> _Directions_:
Your answer must consist of exactly the lines below, starting with the line with "- okular-1: okular" and going on through the line with "- cover-1: cover", and nothing else.

> _Provided records_:
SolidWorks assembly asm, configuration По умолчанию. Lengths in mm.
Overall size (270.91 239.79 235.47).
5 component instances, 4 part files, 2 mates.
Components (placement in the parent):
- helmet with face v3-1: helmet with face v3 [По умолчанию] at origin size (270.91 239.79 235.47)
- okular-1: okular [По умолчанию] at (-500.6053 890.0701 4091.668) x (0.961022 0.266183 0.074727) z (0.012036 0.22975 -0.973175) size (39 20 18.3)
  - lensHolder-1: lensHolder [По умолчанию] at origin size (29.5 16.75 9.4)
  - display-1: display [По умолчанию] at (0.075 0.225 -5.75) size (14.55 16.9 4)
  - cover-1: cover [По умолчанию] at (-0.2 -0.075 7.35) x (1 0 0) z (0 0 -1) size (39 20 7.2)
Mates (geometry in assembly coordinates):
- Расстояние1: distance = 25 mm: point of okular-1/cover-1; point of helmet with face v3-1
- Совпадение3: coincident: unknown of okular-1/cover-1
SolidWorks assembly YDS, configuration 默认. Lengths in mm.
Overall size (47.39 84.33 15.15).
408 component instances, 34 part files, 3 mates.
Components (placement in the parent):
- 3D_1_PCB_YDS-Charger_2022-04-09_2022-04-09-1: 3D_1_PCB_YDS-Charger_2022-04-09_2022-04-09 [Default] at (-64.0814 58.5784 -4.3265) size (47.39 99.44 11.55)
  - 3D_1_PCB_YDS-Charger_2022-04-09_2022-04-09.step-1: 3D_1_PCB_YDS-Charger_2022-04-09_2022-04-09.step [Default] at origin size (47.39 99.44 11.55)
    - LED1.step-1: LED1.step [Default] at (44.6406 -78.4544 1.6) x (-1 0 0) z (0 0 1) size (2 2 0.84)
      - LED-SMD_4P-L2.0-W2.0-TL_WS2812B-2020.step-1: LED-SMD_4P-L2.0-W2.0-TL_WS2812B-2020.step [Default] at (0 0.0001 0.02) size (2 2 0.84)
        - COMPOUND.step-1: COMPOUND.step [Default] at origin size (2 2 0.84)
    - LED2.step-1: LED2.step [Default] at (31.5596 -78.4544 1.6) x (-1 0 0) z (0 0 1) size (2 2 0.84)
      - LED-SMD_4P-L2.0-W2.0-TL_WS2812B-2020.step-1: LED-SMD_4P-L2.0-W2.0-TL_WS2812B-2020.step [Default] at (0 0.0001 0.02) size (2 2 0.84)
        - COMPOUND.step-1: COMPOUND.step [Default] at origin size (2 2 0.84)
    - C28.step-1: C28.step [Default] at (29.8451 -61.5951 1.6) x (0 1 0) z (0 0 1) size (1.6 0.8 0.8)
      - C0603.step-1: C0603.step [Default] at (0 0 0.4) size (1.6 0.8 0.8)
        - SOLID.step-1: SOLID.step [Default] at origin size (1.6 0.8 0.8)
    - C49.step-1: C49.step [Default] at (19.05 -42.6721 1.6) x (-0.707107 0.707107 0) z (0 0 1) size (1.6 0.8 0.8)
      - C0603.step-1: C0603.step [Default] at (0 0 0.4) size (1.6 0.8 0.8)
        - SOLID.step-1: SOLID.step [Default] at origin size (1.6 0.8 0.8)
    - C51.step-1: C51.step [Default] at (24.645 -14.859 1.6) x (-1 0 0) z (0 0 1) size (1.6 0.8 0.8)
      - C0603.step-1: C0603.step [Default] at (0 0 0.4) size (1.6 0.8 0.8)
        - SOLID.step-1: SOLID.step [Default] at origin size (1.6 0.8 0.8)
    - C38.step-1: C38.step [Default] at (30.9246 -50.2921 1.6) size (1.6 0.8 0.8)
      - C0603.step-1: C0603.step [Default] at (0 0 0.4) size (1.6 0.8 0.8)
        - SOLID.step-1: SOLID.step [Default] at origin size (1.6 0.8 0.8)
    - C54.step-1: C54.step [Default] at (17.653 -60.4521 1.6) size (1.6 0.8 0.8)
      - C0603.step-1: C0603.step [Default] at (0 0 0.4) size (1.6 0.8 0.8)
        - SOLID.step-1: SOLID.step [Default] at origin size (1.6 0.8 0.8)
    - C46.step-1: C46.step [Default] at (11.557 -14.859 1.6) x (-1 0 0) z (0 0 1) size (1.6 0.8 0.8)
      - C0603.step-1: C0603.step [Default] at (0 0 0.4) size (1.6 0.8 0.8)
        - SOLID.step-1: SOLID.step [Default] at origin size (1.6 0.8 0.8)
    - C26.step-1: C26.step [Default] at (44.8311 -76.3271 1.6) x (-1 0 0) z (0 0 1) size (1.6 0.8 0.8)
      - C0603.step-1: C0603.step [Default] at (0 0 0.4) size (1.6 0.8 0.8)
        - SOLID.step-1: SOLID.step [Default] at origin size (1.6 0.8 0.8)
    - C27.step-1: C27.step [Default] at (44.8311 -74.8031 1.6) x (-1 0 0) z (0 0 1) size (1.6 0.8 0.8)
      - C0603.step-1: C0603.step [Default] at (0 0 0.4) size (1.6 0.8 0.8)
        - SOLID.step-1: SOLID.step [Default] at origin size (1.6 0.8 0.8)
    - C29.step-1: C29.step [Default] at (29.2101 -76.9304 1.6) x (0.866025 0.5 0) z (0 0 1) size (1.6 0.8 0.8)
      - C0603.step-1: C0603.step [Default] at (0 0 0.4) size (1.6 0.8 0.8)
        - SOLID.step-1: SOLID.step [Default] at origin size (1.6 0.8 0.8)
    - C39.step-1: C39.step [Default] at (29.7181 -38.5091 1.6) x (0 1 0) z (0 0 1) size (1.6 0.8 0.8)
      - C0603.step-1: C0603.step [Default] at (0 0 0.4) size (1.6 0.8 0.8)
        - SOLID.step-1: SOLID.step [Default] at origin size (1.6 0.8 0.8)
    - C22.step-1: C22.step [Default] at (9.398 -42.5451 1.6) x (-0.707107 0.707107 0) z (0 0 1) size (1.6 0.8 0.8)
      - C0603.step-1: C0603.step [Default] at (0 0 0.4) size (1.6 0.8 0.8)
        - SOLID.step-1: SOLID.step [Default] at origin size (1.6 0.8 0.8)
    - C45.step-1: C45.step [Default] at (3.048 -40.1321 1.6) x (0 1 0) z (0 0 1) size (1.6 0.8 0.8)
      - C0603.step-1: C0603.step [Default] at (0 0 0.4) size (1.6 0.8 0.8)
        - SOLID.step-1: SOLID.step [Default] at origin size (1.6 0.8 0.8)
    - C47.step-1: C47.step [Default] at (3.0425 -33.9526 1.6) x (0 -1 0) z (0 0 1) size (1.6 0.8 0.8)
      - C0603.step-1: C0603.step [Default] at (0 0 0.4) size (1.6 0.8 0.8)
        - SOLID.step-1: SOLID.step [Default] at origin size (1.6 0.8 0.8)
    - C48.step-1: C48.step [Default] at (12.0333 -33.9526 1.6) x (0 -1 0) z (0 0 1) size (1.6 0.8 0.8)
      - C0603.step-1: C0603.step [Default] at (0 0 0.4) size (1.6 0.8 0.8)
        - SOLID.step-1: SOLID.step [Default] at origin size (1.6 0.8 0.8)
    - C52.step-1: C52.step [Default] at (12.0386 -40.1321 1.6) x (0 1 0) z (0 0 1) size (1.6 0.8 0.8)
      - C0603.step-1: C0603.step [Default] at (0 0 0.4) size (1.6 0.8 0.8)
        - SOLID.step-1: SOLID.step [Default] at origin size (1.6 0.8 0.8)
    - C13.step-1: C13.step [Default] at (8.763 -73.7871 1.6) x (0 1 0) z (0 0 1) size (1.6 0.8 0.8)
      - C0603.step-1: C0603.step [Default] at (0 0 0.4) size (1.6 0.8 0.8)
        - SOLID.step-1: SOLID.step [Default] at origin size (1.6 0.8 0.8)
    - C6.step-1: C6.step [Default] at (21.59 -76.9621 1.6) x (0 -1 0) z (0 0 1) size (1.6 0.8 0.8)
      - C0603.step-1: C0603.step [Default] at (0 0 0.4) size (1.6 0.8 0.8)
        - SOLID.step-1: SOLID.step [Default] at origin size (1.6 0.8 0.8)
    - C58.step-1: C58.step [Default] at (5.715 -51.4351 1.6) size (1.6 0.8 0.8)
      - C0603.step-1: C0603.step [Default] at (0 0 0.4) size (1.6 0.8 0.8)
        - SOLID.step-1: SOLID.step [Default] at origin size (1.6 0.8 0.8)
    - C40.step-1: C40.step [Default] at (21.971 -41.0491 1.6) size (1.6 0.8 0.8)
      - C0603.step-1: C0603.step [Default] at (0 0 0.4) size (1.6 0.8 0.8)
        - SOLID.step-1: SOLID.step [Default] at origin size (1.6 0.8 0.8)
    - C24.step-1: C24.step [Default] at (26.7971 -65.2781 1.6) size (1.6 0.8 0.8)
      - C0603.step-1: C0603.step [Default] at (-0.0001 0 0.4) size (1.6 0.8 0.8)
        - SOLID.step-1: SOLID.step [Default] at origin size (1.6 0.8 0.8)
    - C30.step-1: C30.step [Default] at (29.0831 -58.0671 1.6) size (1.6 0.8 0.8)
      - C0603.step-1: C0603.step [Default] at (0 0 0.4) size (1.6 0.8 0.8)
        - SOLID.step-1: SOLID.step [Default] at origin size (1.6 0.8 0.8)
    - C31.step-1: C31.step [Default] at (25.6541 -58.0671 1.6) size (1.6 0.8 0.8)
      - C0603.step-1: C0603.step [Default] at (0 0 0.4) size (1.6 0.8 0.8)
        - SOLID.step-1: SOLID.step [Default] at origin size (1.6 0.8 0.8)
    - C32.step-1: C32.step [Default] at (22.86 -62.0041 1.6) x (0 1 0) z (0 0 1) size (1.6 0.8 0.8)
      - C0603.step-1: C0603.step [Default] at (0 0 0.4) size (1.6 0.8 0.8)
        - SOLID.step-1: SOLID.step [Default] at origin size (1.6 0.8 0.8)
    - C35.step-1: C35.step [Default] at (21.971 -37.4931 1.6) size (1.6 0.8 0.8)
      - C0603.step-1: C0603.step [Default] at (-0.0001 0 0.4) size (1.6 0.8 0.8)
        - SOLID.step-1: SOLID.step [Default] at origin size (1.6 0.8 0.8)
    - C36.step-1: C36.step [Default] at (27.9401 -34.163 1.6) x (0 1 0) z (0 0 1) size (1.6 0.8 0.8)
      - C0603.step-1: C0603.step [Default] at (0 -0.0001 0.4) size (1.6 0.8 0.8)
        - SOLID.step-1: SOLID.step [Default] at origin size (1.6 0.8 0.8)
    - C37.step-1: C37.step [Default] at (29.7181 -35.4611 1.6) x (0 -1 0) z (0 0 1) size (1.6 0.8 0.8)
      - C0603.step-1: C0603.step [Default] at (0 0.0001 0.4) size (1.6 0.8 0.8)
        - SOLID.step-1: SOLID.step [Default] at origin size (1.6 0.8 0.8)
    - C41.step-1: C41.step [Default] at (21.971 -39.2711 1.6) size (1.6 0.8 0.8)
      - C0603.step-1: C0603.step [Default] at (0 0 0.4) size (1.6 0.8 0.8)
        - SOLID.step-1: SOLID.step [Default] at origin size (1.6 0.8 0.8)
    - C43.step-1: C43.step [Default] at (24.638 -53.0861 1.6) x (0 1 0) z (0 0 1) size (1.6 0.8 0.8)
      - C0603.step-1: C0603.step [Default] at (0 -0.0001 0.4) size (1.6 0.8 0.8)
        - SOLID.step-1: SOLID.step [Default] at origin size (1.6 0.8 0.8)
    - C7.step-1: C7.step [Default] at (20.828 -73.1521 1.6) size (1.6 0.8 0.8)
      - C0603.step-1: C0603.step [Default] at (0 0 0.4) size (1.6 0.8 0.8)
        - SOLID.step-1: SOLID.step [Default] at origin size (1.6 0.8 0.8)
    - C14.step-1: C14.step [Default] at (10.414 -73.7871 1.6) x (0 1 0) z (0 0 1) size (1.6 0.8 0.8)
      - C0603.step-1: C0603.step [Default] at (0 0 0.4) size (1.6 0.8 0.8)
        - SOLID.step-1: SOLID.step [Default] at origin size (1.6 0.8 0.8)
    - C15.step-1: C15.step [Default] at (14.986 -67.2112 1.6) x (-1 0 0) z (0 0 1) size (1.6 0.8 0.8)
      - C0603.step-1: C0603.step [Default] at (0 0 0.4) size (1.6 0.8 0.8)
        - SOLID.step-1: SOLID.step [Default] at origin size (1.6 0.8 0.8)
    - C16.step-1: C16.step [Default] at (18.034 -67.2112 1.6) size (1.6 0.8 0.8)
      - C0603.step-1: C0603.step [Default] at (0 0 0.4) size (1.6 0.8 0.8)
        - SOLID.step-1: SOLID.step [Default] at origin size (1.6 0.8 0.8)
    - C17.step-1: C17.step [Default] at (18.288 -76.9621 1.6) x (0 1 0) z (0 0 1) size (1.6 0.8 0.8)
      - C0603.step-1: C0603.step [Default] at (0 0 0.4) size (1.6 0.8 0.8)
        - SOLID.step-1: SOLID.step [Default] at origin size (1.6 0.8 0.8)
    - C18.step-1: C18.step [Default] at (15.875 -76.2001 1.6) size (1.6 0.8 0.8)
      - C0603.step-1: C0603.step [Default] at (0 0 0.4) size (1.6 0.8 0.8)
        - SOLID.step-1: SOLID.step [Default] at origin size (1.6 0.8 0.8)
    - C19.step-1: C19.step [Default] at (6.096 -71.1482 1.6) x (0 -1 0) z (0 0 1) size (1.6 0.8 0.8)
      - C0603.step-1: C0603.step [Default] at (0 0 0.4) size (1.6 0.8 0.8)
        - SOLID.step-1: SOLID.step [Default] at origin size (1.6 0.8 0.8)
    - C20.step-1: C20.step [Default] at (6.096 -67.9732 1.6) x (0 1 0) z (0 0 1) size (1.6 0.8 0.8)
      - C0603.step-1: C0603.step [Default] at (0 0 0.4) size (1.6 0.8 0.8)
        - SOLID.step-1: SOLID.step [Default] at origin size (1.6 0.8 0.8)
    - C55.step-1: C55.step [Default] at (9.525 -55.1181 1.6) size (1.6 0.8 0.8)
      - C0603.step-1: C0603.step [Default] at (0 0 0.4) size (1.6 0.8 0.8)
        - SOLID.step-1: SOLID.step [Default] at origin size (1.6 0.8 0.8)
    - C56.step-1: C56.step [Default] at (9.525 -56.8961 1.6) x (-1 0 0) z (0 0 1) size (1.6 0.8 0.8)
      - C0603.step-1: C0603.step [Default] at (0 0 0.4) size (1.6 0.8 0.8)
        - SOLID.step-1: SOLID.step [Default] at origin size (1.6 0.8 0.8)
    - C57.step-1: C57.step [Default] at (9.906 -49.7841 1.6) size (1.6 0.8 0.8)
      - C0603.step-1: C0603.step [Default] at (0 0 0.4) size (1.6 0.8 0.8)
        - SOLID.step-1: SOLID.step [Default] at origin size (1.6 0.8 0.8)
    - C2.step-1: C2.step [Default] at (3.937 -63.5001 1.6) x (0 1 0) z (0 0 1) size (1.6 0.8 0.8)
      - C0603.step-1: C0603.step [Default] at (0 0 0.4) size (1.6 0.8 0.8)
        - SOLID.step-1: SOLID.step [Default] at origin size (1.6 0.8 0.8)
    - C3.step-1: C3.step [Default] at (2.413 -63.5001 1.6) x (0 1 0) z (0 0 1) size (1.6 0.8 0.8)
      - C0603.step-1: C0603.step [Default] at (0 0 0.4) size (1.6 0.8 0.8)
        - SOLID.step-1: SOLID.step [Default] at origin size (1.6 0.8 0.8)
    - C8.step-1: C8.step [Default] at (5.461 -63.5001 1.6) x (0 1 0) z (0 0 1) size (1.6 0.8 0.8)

> _Exercise output_:
- okular-1: okular [По умолчанию] at (-500.6053 890.0701 4091.668) x (0.961022 0.266183 0.074727) z (0.012036 0.22975 -0.973175) size (39 20 18.3)
  - lensHolder-1: lensHolder [По умолчанию] at origin size (29.5 16.75 9.4)
  - display-1: display [По умолчанию] at (0.075 0.225 -5.75) size (14.55 16.9 4)
  - cover-1: cover [По умолчанию] at (-0.2 -0.075 7.35) x (1 0 0) z (0 0 -1) size (39 20 7.2)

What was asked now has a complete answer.